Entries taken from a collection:
◇ ◇ ◇
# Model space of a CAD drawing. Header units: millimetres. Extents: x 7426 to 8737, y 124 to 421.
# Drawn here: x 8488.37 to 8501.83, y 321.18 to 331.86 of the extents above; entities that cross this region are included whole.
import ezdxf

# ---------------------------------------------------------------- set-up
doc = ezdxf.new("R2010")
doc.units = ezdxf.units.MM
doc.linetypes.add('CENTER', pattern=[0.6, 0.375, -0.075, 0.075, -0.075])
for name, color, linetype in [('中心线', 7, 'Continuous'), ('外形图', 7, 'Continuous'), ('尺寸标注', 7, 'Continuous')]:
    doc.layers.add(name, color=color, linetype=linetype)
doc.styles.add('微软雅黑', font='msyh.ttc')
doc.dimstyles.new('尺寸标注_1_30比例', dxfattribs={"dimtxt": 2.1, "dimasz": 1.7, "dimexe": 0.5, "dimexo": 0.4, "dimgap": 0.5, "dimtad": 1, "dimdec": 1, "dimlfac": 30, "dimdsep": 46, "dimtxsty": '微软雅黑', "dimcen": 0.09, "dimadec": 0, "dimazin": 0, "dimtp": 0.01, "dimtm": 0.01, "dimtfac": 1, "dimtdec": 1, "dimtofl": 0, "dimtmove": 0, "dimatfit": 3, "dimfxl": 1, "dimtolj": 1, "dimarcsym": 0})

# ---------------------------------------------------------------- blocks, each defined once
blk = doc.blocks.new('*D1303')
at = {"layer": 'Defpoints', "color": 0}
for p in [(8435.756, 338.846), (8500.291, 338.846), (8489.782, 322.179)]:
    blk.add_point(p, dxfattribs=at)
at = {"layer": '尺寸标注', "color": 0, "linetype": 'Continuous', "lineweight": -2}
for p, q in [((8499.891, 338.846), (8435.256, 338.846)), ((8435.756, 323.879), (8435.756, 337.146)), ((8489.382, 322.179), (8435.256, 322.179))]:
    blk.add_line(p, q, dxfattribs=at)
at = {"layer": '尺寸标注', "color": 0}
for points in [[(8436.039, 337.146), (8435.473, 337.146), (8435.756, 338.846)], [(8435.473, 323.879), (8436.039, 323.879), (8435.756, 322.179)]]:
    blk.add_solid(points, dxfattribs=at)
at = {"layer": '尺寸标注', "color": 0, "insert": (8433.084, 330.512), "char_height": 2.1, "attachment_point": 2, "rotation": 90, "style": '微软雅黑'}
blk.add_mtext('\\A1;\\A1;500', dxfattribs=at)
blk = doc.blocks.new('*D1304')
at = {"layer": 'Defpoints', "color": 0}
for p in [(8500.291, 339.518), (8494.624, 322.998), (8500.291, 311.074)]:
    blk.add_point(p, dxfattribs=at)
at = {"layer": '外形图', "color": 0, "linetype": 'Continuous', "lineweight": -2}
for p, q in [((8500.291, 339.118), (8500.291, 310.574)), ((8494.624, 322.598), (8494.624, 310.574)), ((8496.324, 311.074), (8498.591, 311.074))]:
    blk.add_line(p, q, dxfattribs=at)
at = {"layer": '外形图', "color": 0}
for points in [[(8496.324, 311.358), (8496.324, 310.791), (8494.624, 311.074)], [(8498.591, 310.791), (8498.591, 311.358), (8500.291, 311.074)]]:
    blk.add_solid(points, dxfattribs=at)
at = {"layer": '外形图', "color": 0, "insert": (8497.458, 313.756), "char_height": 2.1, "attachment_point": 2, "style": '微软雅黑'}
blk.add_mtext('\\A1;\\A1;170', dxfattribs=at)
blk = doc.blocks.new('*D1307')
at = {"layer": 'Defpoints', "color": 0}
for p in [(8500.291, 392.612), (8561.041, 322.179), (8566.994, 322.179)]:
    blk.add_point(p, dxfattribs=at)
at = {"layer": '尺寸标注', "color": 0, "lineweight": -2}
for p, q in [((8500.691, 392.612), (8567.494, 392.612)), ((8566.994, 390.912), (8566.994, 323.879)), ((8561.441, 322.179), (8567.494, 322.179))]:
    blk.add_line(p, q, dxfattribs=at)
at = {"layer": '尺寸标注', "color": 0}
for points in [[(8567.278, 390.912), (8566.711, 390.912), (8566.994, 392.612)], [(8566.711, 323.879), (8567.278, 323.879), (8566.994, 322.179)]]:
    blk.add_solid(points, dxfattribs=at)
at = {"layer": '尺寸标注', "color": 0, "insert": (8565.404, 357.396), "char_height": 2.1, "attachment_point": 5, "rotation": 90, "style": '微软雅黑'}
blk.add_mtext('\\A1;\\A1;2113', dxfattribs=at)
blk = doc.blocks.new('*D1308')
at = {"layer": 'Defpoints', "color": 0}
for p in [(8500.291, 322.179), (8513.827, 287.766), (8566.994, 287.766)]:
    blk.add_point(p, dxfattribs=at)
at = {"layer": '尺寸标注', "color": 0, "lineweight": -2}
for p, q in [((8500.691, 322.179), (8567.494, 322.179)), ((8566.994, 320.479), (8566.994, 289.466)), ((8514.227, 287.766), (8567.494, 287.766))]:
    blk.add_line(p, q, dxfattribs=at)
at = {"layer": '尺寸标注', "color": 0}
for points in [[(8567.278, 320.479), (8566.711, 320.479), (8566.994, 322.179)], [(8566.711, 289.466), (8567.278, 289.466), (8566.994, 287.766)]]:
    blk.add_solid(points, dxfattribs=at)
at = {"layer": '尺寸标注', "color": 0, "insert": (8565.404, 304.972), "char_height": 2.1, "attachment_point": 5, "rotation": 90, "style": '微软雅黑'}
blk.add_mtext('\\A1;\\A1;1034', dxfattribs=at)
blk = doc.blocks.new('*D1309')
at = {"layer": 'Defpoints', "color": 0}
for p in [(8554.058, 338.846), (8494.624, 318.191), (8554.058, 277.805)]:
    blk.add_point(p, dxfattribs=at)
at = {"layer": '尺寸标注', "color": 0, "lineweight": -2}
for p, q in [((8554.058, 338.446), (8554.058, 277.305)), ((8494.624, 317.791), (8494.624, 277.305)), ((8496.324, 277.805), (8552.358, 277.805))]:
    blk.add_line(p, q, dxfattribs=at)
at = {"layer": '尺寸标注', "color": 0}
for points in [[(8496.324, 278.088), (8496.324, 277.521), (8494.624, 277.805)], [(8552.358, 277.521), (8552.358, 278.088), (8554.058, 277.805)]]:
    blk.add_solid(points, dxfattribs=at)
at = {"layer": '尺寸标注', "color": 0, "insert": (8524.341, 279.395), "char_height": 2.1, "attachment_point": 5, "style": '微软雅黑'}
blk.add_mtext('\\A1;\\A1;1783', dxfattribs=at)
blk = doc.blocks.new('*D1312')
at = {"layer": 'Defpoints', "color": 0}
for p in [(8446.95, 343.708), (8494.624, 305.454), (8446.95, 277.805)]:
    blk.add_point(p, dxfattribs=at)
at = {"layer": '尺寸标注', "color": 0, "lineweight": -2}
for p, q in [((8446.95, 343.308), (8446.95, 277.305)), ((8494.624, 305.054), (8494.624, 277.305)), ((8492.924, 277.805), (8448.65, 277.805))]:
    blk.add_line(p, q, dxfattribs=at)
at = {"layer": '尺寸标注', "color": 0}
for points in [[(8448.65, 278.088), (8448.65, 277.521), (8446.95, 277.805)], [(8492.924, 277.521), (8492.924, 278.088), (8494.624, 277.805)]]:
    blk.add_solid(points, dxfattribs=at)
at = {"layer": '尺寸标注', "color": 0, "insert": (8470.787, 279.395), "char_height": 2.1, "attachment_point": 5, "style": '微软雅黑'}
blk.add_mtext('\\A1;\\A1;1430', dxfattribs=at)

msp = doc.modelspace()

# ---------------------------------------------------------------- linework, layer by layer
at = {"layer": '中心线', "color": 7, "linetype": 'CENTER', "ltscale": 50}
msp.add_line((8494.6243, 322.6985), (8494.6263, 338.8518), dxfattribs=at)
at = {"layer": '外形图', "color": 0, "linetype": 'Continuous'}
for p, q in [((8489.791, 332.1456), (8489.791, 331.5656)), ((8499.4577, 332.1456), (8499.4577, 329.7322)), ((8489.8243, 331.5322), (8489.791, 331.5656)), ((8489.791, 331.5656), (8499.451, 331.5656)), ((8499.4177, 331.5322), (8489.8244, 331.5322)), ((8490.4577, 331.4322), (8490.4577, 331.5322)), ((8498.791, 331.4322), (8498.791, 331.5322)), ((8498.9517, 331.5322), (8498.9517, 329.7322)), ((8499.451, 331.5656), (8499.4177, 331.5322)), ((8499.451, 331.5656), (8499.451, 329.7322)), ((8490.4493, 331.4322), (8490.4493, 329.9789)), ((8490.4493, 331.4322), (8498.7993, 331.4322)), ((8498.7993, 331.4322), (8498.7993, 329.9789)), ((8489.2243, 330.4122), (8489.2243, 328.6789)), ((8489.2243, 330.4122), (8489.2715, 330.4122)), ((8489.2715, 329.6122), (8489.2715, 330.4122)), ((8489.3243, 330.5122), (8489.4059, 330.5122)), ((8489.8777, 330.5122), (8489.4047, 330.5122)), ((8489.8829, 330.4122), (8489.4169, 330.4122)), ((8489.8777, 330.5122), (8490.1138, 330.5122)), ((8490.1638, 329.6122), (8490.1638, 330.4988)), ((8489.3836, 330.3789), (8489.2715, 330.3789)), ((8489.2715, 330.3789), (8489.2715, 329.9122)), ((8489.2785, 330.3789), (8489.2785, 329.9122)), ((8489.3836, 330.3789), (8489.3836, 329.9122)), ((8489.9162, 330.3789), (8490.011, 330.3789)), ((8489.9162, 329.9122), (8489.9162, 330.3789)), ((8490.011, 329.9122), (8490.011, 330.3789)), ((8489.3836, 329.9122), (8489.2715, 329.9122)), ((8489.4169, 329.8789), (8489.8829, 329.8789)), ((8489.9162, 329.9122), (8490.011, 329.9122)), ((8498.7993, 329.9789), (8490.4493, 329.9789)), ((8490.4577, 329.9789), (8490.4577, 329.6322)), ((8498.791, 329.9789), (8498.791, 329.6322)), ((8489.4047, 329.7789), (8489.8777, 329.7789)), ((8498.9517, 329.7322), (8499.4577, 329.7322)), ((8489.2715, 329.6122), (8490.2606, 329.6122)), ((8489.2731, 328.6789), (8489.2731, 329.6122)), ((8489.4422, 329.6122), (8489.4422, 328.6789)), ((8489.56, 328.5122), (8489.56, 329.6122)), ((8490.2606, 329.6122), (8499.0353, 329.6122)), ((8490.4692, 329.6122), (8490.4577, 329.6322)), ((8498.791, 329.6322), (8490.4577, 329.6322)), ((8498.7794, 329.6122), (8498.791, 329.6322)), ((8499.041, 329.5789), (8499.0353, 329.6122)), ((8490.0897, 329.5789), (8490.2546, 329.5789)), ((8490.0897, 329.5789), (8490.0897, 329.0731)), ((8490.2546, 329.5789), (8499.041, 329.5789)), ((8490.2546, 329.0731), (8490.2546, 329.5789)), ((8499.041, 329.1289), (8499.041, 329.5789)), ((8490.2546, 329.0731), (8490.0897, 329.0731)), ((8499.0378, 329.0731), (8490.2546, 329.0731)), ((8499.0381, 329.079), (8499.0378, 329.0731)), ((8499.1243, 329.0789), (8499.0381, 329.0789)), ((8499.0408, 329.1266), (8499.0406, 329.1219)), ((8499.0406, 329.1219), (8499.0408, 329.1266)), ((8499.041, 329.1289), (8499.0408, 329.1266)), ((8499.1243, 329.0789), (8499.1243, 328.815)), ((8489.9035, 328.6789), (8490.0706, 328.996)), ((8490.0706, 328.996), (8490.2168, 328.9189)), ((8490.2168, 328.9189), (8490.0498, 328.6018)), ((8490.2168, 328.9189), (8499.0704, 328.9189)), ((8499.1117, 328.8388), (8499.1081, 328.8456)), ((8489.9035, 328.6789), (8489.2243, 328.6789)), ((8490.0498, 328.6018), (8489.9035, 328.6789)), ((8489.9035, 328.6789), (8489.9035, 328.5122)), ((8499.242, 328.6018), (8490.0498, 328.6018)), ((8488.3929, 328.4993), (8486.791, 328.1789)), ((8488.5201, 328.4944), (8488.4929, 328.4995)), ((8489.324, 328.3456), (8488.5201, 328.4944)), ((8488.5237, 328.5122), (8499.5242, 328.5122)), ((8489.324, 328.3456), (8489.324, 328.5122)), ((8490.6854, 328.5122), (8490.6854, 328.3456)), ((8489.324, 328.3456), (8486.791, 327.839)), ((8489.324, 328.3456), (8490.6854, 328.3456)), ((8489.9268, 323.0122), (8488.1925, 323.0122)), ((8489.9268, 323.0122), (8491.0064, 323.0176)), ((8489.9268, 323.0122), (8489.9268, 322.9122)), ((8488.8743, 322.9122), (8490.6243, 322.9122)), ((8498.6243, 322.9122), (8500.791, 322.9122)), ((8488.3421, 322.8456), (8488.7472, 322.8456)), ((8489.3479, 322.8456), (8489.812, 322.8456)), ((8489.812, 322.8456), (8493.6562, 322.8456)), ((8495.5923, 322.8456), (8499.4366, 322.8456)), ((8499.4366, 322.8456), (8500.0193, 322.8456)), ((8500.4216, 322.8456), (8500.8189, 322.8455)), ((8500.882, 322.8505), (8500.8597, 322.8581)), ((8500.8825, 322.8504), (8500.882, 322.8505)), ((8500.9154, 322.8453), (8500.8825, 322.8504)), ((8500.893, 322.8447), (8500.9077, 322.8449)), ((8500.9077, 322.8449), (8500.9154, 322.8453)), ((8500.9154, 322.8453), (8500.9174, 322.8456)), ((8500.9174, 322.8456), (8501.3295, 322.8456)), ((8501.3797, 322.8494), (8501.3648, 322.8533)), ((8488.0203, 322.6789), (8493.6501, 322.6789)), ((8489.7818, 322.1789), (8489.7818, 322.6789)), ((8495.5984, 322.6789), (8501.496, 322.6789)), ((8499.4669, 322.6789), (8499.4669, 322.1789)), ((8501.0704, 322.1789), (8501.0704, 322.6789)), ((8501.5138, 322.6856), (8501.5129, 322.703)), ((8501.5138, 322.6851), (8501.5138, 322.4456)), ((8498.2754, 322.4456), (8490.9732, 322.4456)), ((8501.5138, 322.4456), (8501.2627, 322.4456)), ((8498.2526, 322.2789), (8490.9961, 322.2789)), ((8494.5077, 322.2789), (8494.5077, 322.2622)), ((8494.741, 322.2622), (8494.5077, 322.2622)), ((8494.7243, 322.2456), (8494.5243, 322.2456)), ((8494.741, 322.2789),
◇ ◇ ◇
Look at the entries above. Say how many lines have the word "CENTER", and give only the number.

2